The existing internal routine TclStringReplace does not include the full collection of optimizations that the prior routine Tcl_ReplaceObj did. Since this routine remains internal, it can continue to gain these revisions without further TIP examination. Likewise, alternative bytecode compiler and execution strategies may also be pursued internally.

These routines may be good candidates to become available to applications and extensions in the public C API. The current TIP does not propose that. It is out of scope. A set of questions will need to be addressed when considering converting these routines into public ones.

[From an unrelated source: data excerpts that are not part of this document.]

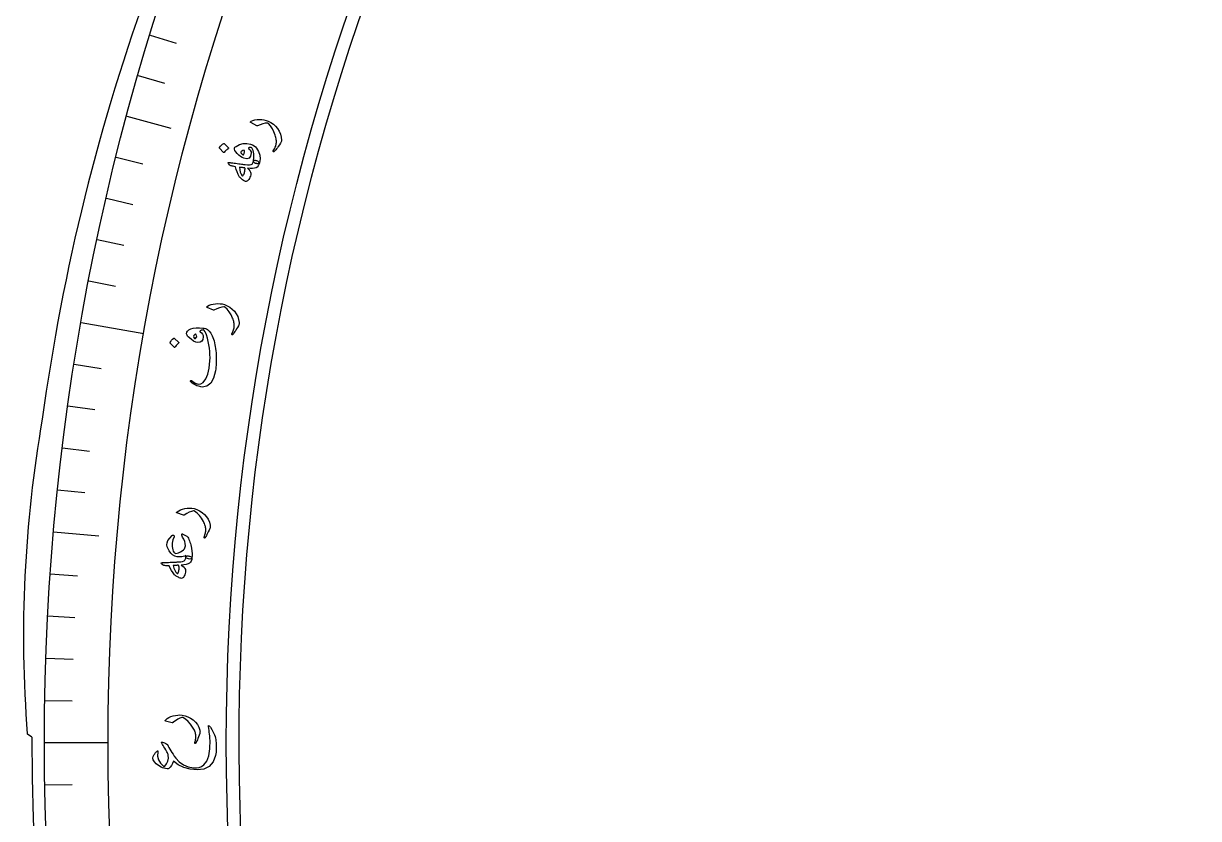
# Model space of a CAD drawing. Header units: millimetres. Extents: x -76 to 76, y -76 to 98.
# Drawn here: x -75.76 to -39.3, y -2.36 to 22.32 of the extents above; entities that cross this region are included whole.
import ezdxf

# ---------------------------------------------------------------- set-up
doc = ezdxf.new("R2010")
doc.units = ezdxf.units.MM
for name, color, linetype in [('CUT_INNER', 6, 'Continuous'), ('CUT_OUTER', 1, 'Continuous'), ('ENGRAVE', 7, 'Continuous'), ('ENGRAVE_FINE', 8, 'Continuous'), ('TEXT', 5, 'Continuous')]:
    doc.layers.add(name, color=color, linetype=linetype)

msp = doc.modelspace()

# ---------------------------------------------------------------- linework, layer by layer
at = {"layer": 'CUT_INNER'}
msp.add_arc((0.0001, -0.0002), 69.0824, 92.275255, 358.242372, dxfattribs=at)
at = {"layer": 'CUT_OUTER'}
msp.add_lwpolyline([(-75.4995, 0.1728), (-75.6405, 0.2668), (-75.6433, 0.2689)], dxfattribs=at)
for centre, radius, start, end in [((-11.0458, 1.3635), 64.7164, 159.857567, 172.293319), ((-36.7159, 3.312), 39.0462, 170.07474, 184.46995), ((0.0002, -0.0002), 75.4998, 179.868743, 0.000126)]:
    msp.add_arc(centre, radius, start, end, dxfattribs=at)
at = {"layer": 'ENGRAVE'}
for points in [[(-72.5555, 19.4412), (-71.1917, 19.0758)], [(-73.9738, 13.0436), (-72.0272, 12.7003)], [(-74.8291, 6.5467), (-73.4226, 6.4236)], [(-75.1149, 0), (-73.1384, 0)]]:
    msp.add_lwpolyline(points, dxfattribs=at)
for radius in [75.1149, 73.1384, 69.4676]:
    msp.add_circle((0, 0), radius, dxfattribs=at)
at = {"layer": 'ENGRAVE_FINE'}
for points in [[(-71.8328, 21.9615), (-71.0227, 21.7138)], [(-72.2051, 20.7045), (-71.3908, 20.471)], [(-72.8837, 18.172), (-72.0618, 17.967)], [(-73.1898, 16.8972), (-72.3644, 16.7066)], [(-73.4735, 15.6173), (-72.6449, 15.4412)], [(-73.7349, 14.3326), (-72.9033, 14.171)], [(-74.1902, 11.7506), (-73.3535, 11.618)], [(-74.3839, 10.454), (-73.5451, 10.3361)], [(-74.5551, 9.1542), (-73.7143, 9.051)], [(-74.7035, 7.8517), (-73.861, 7.7631)], [(-74.932, 5.2398), (-74.0869, 5.1807)], [(-75.012, 3.9312), (-74.1661, 3.8869)], [(-75.0692, 2.6215), (-74.2226, 2.5919)], [(-75.1035, 1.3109), (-74.2565, 1.2962)], [(-75.1035, -1.3109), (-74.2565, -1.2962)]]:
    msp.add_lwpolyline(points, dxfattribs=at)
at = {"layer": 'TEXT'}
for points in [[(-68.7121, 19.252), (-68.7154, 19.2542), (-68.7179, 19.2564), (-68.7196, 19.2586), (-68.7205, 19.261), (-68.7194, 19.2668), (-68.7149, 19.2731), (-68.707, 19.2798), (-68.6957, 19.287), (-68.6411, 19.3118), (-68.5812, 19.3295), (-68.5158, 19.3401), (-68.4449, 19.3437), (-68.3705, 19.341), (-68.299, 19.332), (-68.2304, 19.3167), (-68.1646, 19.2951), (-68.0821, 19.2524), (-68.0064, 19.1991), (-67.9374, 19.1353), (-67.8752, 19.061), (-67.8231, 18.9785), (-67.7864, 18.8907), (-67.765, 18.7976), (-67.759, 18.699), (-67.7605, 18.6735), (-67.7657, 18.649), (-67.7747, 18.6255), (-67.7876, 18.6031), (-67.8225, 18.5528), (-67.8545, 18.5075), (-67.8836, 18.4673), (-67.9098, 18.432), (-67.9331, 18.4019), (-67.9534, 18.377), (-67.9708, 18.3574), (-67.9853, 18.3431), (-67.9893, 18.3404), (-67.993, 18.3387), (-67.9965, 18.3381), (-67.9997, 18.3384), (-68.0035, 18.3398), (-68.0069, 18.3419), (-68.0098, 18.3448), (-68.0123, 18.3483), (-68.0138, 18.3523), (-68.0138, 18.3568), (-68.0124, 18.3617), (-68.0095, 18.367), (-67.9907, 18.399), (-67.9741, 18.43), (-67.9595, 18.4598), (-67.9469, 18.4886), (-67.9364, 18.5166), (-67.9277, 18.544), (-67.921, 18.5709), (-67.9162, 18.5972), (-67.9133, 18.624), (-67.9123, 18.6522), (-67.9133, 18.6819), (-67.9161, 18.7131), (-67.921, 18.7458), (-67.928, 18.7801), (-67.9372, 18.816), (-67.9485, 18.8534), (-67.9885, 18.9608), (-68.0375, 19.057), (-68.0956, 19.1421), (-68.1629, 19.216), (-68.1685, 19.2211), (-68.1757, 19.225), (-68.1842, 19.2277), (-68.1942, 19.2292), (-68.2573, 19.224), (-68.3301, 19.2084), (-68.4126, 19.1823), (-68.505, 19.1457), (-68.5105, 19.1446), (-68.5153, 19.1442), (-68.5192, 19.1448), (-68.5224, 19.1462)], [(-69.6748, 18.4578), (-69.6766, 18.4611), (-69.6772, 18.4651), (-69.6765, 18.4699), (-69.6745, 18.4755), (-69.6477, 18.5114), (-69.618, 18.544), (-69.5853, 18.5733), (-69.5497, 18.5993), (-69.5448, 18.6014), (-69.5403, 18.6018), (-69.5363, 18.6003), (-69.5328, 18.597), (-69.4036, 18.4588), (-69.4009, 18.4542), (-69.4012, 18.4493), (-69.4046, 18.4441), (-69.4111, 18.4387), (-69.4168, 18.434), (-69.4253, 18.4265), (-69.4368, 18.4162), (-69.4512, 18.403), (-69.4686, 18.3868), (-69.489, 18.3673), (-69.5126, 18.3444), (-69.5391, 18.3182), (-69.5433, 18.3148), (-69.5469, 18.3136), (-69.55, 18.3144), (-69.5525, 18.3173)], [(-69.2152, 18.4526), (-69.2093, 18.4662), (-69.199, 18.4802), (-69.1843, 18.4947), (-69.165, 18.5096), (-69.0586, 18.5669), (-68.948, 18.5969), (-68.8333, 18.5995), (-68.7145, 18.5749), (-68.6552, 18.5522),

First it will need to be determined what level of robustness to present in a public interface. Should such a function be permitted to fail or even abort if given improper arguments? Or should all required argument validation be built into the routines to detect such things and raise catch-able errors instead? This general question includes the specific question about whether such routines are permitted to panic when memory allocation fails. Second several of these routines require an argument specifying an index into a string. These arguments have type int. It is expected that string indices limited to int will no longer be desirable in Tcl 9, so it must be decided whether it makes sense to create new routines for Tcl 8.7 that are destined to be discarded by Tcl 9, or whether a migration path needs to be put in place from the beginning. Since these questions are non-trivial, addressing them is saved for a later TIP.

Copyright

This document has been placed in the public domain.